Before copying, set the images aside; then transcribe every entry below exactly.

++++++++++

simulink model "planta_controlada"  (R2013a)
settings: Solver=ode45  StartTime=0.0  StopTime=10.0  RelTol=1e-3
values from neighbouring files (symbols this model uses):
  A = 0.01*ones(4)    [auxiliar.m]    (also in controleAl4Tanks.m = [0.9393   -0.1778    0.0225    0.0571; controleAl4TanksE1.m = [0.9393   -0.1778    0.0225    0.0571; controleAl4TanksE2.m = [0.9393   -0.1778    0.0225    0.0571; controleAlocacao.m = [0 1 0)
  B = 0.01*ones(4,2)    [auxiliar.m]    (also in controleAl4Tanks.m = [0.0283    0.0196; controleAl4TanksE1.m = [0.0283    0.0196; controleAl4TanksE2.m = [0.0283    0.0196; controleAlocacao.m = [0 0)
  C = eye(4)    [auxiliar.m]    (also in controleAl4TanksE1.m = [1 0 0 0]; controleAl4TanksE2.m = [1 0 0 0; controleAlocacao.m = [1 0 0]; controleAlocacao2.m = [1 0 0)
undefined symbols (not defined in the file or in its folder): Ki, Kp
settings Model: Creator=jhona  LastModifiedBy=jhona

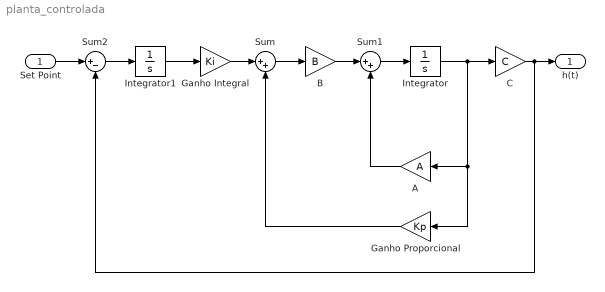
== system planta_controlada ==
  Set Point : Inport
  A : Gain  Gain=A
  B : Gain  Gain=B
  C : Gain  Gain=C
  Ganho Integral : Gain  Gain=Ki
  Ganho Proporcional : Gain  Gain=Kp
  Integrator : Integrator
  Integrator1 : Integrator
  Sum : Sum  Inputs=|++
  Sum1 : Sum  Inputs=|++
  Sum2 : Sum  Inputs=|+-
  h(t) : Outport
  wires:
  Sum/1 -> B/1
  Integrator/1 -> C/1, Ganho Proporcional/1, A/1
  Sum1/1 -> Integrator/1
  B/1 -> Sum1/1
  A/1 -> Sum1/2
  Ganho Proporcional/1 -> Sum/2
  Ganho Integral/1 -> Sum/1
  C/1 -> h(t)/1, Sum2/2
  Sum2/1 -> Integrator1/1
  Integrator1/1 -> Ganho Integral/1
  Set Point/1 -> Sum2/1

++++++++++

■ Written answer ■
simulink model "planta_controlada"  (R2013a)
settings: Solver=ode45  StartTime=0.0  StopTime=10.0  RelTol=1e-3
values from neighbouring files (symbols this model uses):
  A = 0.01*ones(4)    [auxiliar.m]    (also in controleAl4Tanks.m = [0.9393   -0.1778    0.0225    0.0571; controleAl4TanksE1.m = [0.9393   -0.1778    0.0225    0.0571; controleAl4TanksE2.m = [0.9393   -0.1778    0.0225    0.0571; controleAlocacao.m = [0 1 0)
  B = 0.01*ones(4,2)    [auxiliar.m]    (also in controleAl4Tanks.m = [0.0283    0.0196; controleAl4TanksE1.m = [0.0283    0.0196; controleAl4TanksE2.m = [0.0283    0.0196; controleAlocacao.m = [0 0)
  C = eye(4)    [auxiliar.m]    (also in controleAl4TanksE1.m = [1 0 0 0]; controleAl4TanksE2.m = [1 0 0 0; controleAlocacao.m = [1 0 0]; controleAlocacao2.m = [1 0 0)
undefined symbols (not defined in the file or in its folder): Ki, Kp
settings Model: Creator=jhona  LastModifiedBy=jhona

== system planta_controlada ==
  Set Point : Inport
  A : Gain  Gain=A
  B : Gain  Gain=B
  C : Gain  Gain=C
  Ganho Integral : Gain  Gain=Ki
  Ganho Proporcional : Gain  Gain=Kp
  Integrator : Integrator
  Integrator1 : Integrator
  Sum : Sum  Inputs=|++
  Sum1 : Sum  Inputs=|++
  Sum2 : Sum  Inputs=|+-
  h(t) : Outport
  wires:
  Sum/1 -> B/1
  Integrator/1 -> C/1, Ganho Proporcional/1, A/1
  Sum1/1 -> Integrator/1
  B/1 -> Sum1/1
  A/1 -> Sum1/2
  Ganho Proporcional/1 -> Sum/2
  Ganho Integral/1 -> Sum/1
  C/1 -> h(t)/1, Sum2/2
  Sum2/1 -> Integrator1/1
  Integrator1/1 -> Ganho Integral/1
  Set Point/1 -> Sum2/1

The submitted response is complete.